Title: Entity extraction, animal disease-related event recognition and classification from web
Authors: Volkova, Svitlana
Publication Date: 2010
Graduation Month: August
Type: Thesis
Degree: Master of Science
Department: Department of Computing and Information Sciences
Major Professor: William H. Hsu
Keywords: entity extraction
event recognition and classification
web mining
document classification
named entity recognition
Abstract: Global epidemic surveillance is an essential task for national biosecurity management and bioterrorism prevention. The main goal is to protect the public from major health threads. To perform this task effectively one requires reliable, timely and accurate medical information from a wide range of sources. Towards this goal, we present a framework for epidemiological analytics that can be used to extract and visualize infectious disease outbreaks from the variety of unstructured web sources automatically. More precisely, in this thesis, we consider several research tasks including document relevance classification, entity extraction and animal disease-related event recognition in the veterinary epidemiology domain. First, we crawl web sources and classify collected documents by topical relevance using supervised learning algorithms. Next, we propose a novel approach for automated ontology construction in the veterinary medicine domain. Our approach is based on semantic relationship discovery using syntactic patterns. We then apply our automatically-constructed ontology for the domain-specific entity extraction task.

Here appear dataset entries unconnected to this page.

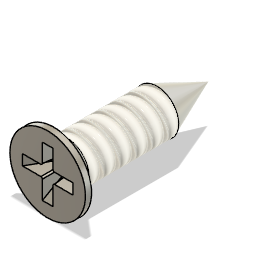
2f7473f9-b099-412f-9152-2018551abb9a (Autodesk Fusion 360 design; units mm, degrees)
description: Tipo II - Parafuso Phillips autorroscante de cabeça chata escareada a 100° ASME B18.6.4 6-20 x 0.5 Tipo AB
part number: 100CRFCHTSTATII ASME B18.6.4 - #6-20 x 1/2 Aço grau 2 Liso
Autodesk Fusion 360 part; units mm, degrees
sketch "Sketch1" plane through (0, 0, 0) normal (0, 1, 0) x (1, 0, 0)
  line L0 (0, -2.9946) -> (-2.9845, -2.9946)
  line L1 (-2.9845, -2.9946) -> (-2.9845, -2.5043)
  line L2 (-2.9845, -2.5043) -> (-1.7526, -1.4706)
  line L3 (-1.7526, -1.4706) -> (-1.7526, 9.7054)
  line L4 (0, 9.7054) -> (0, -2.9946)
  line L5 (-1.7526, 9.7054) -> (0, 9.7054)
  dimension "d9" = 3.5052
  dimension "d11" = 5.969
  dimension "d75" = 1.524
  dimension "d107" = 12.7
  dimension "d116" = 50
  constraint perpendicular L0 L1
  constraint vertical L3
  constraint perpendicular L0 L4
  constraint collinear origin L0.start L4.start
  constraint horizontal L0
  constraint horizontal L5
  constraint coincident origin L2
  measures "d75" distance of L0 L2.end
  measures "d107" distance of L0 L5
  measures "d116" angle of L2 L4
revolve "Revolve1" add sketch "Sketch1" angle 360 about axis through (0, 0, -9.7054) along (0, 0, 1) makes body 1
sketch "Sketch2" plane through (0, 0, 2.9946) normal (0, 0, 1) x (1, 0, 0)
  line L0 (-0.4191, 0.4191) -> (-1.9939, 0.4191)
  line L1 (-1.9939, 0.4191) -> (-1.9939, -0.4191)
  line L2 (-0.4191, -0.4191) -> (-1.9939, -0.4191)
  line L3 (-0.4191, -0.4191) -> (-0.4191, -1.9939)
  line L4 (-0.4191, -1.9939) -> (0.4191, -1.9939)
  line L5 (0.4191, -0.4191) -> (0.4191, -1.9939)
  line L6 (0.4191, -0.4191) -> (1.9939, -0.4191)
  line L7 (1.9939, -0.4191) -> (1.9939, 0.4191)
  line L8 (0.4191, 0.4191) -> (1.9939, 0.4191)
  line L9 (0.4191, 0.4191) -> (0.4191, 1.9939)
  line L10 (0.4191, 1.9939) -> (-0.4191, 1.9939)
  line L11 (-0.4191, 0.4191) -> (-0.4191, 1.9939)
  dimension "d111" = 360
  dimension "d113" = 3.9878
  dimension "d117" = 0.8382
  constraint vertical L0.start L2.start
  constraint horizontal L0
  constraint coincident L8.start L9.start
  constraint perpendicular L7 L8
  measures "d113" distance of L1 L7.end
  measures "d117" distance of L0 L2
extrude "Extrude1" add sketch "Sketch2" against normal blind 2.1844 draft -4 separate body makes body 2
draft "Draft2" angle -30 neutral plane through (0, 0, 2.9946) pull (0, 0, 1) 4 faces at (-1.943, -0.0888, 2.2665) (0.0888, -1.943, 2.2665) (1.943, 0.0888, 2.2665) (-0.0888, 1.943, 2.2665) on bodies 2
fillet "Fillet3" radius 0.1196 4 edges at (-0.3427, -0.3427, 1.9024) (-0.3427, 0.3427, 1.9024) (0.3427, 0.3427, 1.9024) (0.3427, -0.3427, 1.9024) on bodies 2
combine "Combine1" operation cut target body 1 tool bodies 2
thread "Thread1" "Inch Tapping Threads 0.138 6-20 6-20 2B" major diameter 3.4417 minor diameter 2.5781 pitch 1.27 angle 60 resizes the face on face at (-1.7504, 0.0874, -2.2547) on bodies 1
sketch "Sketch6" plane through (0, 0, 0) normal (0, 1, 0) x (1, 0, 0)
  line L0 (0, 9.7054) -> (-1.7877, 9.7054)
  line L1 (-1.7877, 9.7054) -> (-1.7877, 5.4742)
  line L2 (-1.7877, 5.4742) -> (0, 9.7054)
  line L3 (0, 9.7054) -> (0, -2.9946)
  line L4 (-1.7877, 9.7054) -> (0, 9.7054)
  dimension "d108" = 1.7877
  dimension "d109" = 4.2312
  constraint perpendicular L0 L1
  constraint coincident L0.start L2.end
  measures "d108" distance of L1 L3
  measures "d109" distance of L1.end L4
revolve "Revolve3" cut sketch "Sketch6" angle 360 about axis through (0, 0, 1.75) along (0, 0, 1) bodies 1
equation "d9 = adsk_nomdia"
equation "d11 = adsk_headdia"
equation "adsk_headang = 100.00 deg"
equation "d31 = -adsk_phildepth"
equation "adsk_nomlen = 0.50 in"
equation "adsk_headh = 0.06 in"
equation "adsk_headdia = 0.235 in"
equation "adsk_nomdia = 0.138 in"
equation "adsk_phildia = 0.157 in"
equation "adsk_philwidth = 0.033 in"
equation "adsk_phildepth = 0.086 in"
equation "adsk_startlen = 0.166581 in"
equation "d75 = adsk_headh"
equation "d97 = ( adsk_nomdia / 2 ) * tan(90 deg - adsk_headang / 2) + adsk_headh"
equation "d107 = adsk_nomlen"
equation "d108 = adsk_nomdia * 0.51"
equation "d109 = adsk_startlen"
equation "d113 = adsk_phildia"
equation "d115 = adsk_phildia * 0.03"
equation "d116 = adsk_headang * 0.5"
equation "d117 = adsk_philwidth"
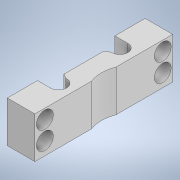
# Autodesk Inventor part: YCarriageFrontHolder
Saved by Autodesk Inventor 2020 (Build 240168000, 168)
## iProperties
Created: 2022-04-26
Part Number: YCarriageFrontHolder
Material: Ogólny
Document SubType Name: Modeling
Designer: mikoma
Density: 1 g/cm^3
Appearance: Domyślna
Author: mikoma
Autodesk Inventor part; units mm, degrees
ref_plane "YZ Plane" through (0, 0, 0) normal (1, 0, 0) x (0, 1, 0)
ref_plane "XZ Plane" through (0, 0, 0) normal (0, 1, 0) x (-1, 0, 0)
ref_plane "XY Plane" through (0, 0, 0) normal (0, 0, 1) x (1, 0, 0)
sketch "Szkic2" plane through (0, 0, 0) normal (0, 1, 0) x (-1, 0, 0)
  line L0 (-5, 13) -> (-5, -13)
  line L1 (1, -20.25) -> (1, 20.25)
  line L2 (-8.0627, 14.7682) -> (-5, 13)
  line L3 (-5, 16.0869) -> (-5, 13) construction
  arc A0 (-8.0627, 14.7682) -> (-5, 16.0869) centre (-8.5, 20) ccw construction
  line L4 (-3.256, 20.25) -> (-5, 20.25) construction
  arc A1 (-5, 16.0869) -> (-3.256, 20.25) centre (-8.5, 20) ccw construction
  line L5 (1, 20.25) -> (-3.256, 20.25)
  line L6 (-5, 20.25) -> (-5, 16.0869) construction
  line L7 (-5, -13) -> (-8.0627, -14.7682)
  line L8 (-5, -13) -> (-5, -16.0869) construction
  arc A2 (-5, -16.0869) -> (-8.0627, -14.7682) centre (-8.5, -20) ccw construction
  line L9 (-3.256, -20.25) -> (1, -20.25)
  arc A3 (-3.256, -20.25) -> (-5, -16.0869) centre (-8.5, -20) ccw construction
  line L10 (-5, -16.0869) -> (-5, -20.25) construction
  line L11 (-5, -20.25) -> (-3.256, -20.25) construction
  arc A4 (-8.0627, -14.7682) -> (-3.256, -20.25) centre (-8.5, -20) ccw
  arc A5 (-3.256, 20.25) -> (-8.0627, 14.7682) centre (-8.5, 20) ccw
  line L12 (0, 45) -> (-18, 45)
  line L13 (-18, 45) -> (-18, -45)
  line L14 (-18, -45) -> (0, -45)
  line L15 (0, -45) -> (0, 45)
  line L16 (-8.5, 25.25) -> (0, 25.25)
  line L17 (-8.5, -25.25) -> (0, -25.25)
  point P0 (0, 0)
  point P1 (0, -20.25)
  point P2 (0, 20.25)
  dimension "d0" = 10.5
  dimension "d1" = 6
  dimension "d2" = 3.5
  dimension "d3" = 120
  dimension "d4" = 120
  dimension "d5" = 26
  dimension "d6" = 40
  dimension "d8" = 7
  dimension "d9" = 0.25
  dimension "d10" = 0.25
  dimension "d12" = 9.5
  dimension "d14" = 1
  dimension "d15" = 20
  dimension "d16" = 90
  dimension "d17" = 45
  dimension "d18" = 18
  constraints: 36 end point, 14 point on circle, 9 parallel, 6 centre point, 5 perpendicular, 2 horizontal, 2 point on line, 2 tangent, 1 equal radius, 1 vertical alignment
  measures "d0" diameter of A2
  measures "d1" distance of L10.end L1.start
  measures "d2" distance from line of L6 A2.centre
  measures "d3" angle of L2 L3
  measures "d4" angle of L3 L7
  measures "d5" distance of L0.start L0.end
  measures "d6" distance of A0.centre A2.centre
  measures "d8" vertical distance of A0.centre L0.start
  measures "d9" distance from line of L5 A0.centre
  measures "d10" distance from line of L9 A2.centre
  measures "d12" distance from line of L1 A0.centre
  measures "d14" distance from line of L1 point (0, 0)
  measures "d15" vertical distance of A0.centre point (0, 0)
  measures "d16" distance of L12.end L13.end
  measures "d17" distance from line of point (0, 0) L14
  measures "d18" distance of L13.end L14.end
extrude "Wyciągnięcie proste1" add sketch "Szkic2" along normal blind 27 contours L0 L7 A4 L17 L15 L14 L13 L12 L16 A5 L2
sketch "Szkic3" plane through (18, 0, 45) normal (1, 0, 0) x (0, 0, -1)
  circle A0 centre (6.5, 20.5) radius 3.25
  circle A1 centre (6.5, 8.5) radius 3.25
  circle A2 centre (83.5, 20.5) radius 3.25
  circle A3 centre (83.5, 8.5) radius 3.25
  line L0 (0, 0) -> (0, 27) projected
  line L1 (0, 27) -> (90, 27) projected
  line L2 (90, 0) -> (90, 27) projected
  circle A4 centre (6.5, 20.5) radius 5.5
  circle A5 centre (6.5, 8.5) radius 5.5
  circle A6 centre (83.5, 20.5) radius 5.5
  circle A7 centre (83.5, 8.5) radius 5.5
  point P0 (45, 0)
  dimension "d21" = 6.5
  dimension "d22" = 6.5
  dimension "d23" = 6.5
  dimension "d24" = 12
  dimension "d25" = 6.5
  dimension "d26" = 11
  constraints: 8 centre point, 6 equal radius, 4 coincident, 2 horizontal alignment, 2 vertical alignment
  measures "d21" diameter of A0
  measures "d22" distance from line of L0 A0.centre
  measures "d23" distance from line of L1 A0.centre
  measures "d24" distance of A1.centre A0.centre
  measures "d25" distance from line of L2 A2.centre
  measures "d26" diameter of A4
extrude "Wyciągnięcie proste2" cut sketch "Szkic3" against normal through all contours A0 | A1 | A2 | A3
extrude "Wyciągnięcie proste3" cut sketch "Szkic3" against normal blind 8 contours A1 | A2 | A3 | A4 | A5 | A6 | A7
sketch "Szkic4" plane through (0, 27, 0) normal (0, 1, 0) x (1, 0, 0)
  line L0 (18, -45) -> (18, 45) projected
  circle A0 centre (38.5, 0) radius 22
  point P0 (0, 0)
  dimension "d34" = 44
  dimension "d37" = 20.5
  constraints: 1 centre point, 1 horizontal alignment
  measures "d34" diameter of A0
  measures "d37" distance from line of L0 A0.centre
extrude "Wyciągnięcie proste4" cut sketch "Szkic4" against normal through all

Moreover, we compare our ontology-based entity extraction results with an alternative sequence labeling approach. We introduce a sequence labeling method for the entity tagging that relies on syntactic feature extraction using a sliding window. Finally, we present our novel sentence-based event recognition approach that includes three main steps: entity extraction of animal diseases, species, locations, dates and the confirmation status n-grams; event-related sentence classification into two categories - suspected or confirmed; automated event tuple generation and aggregation. We show that our document relevance classification results as well as entity extraction and disease-related event recognition results are significantly better compared to the results reported by other animal disease surveillance systems.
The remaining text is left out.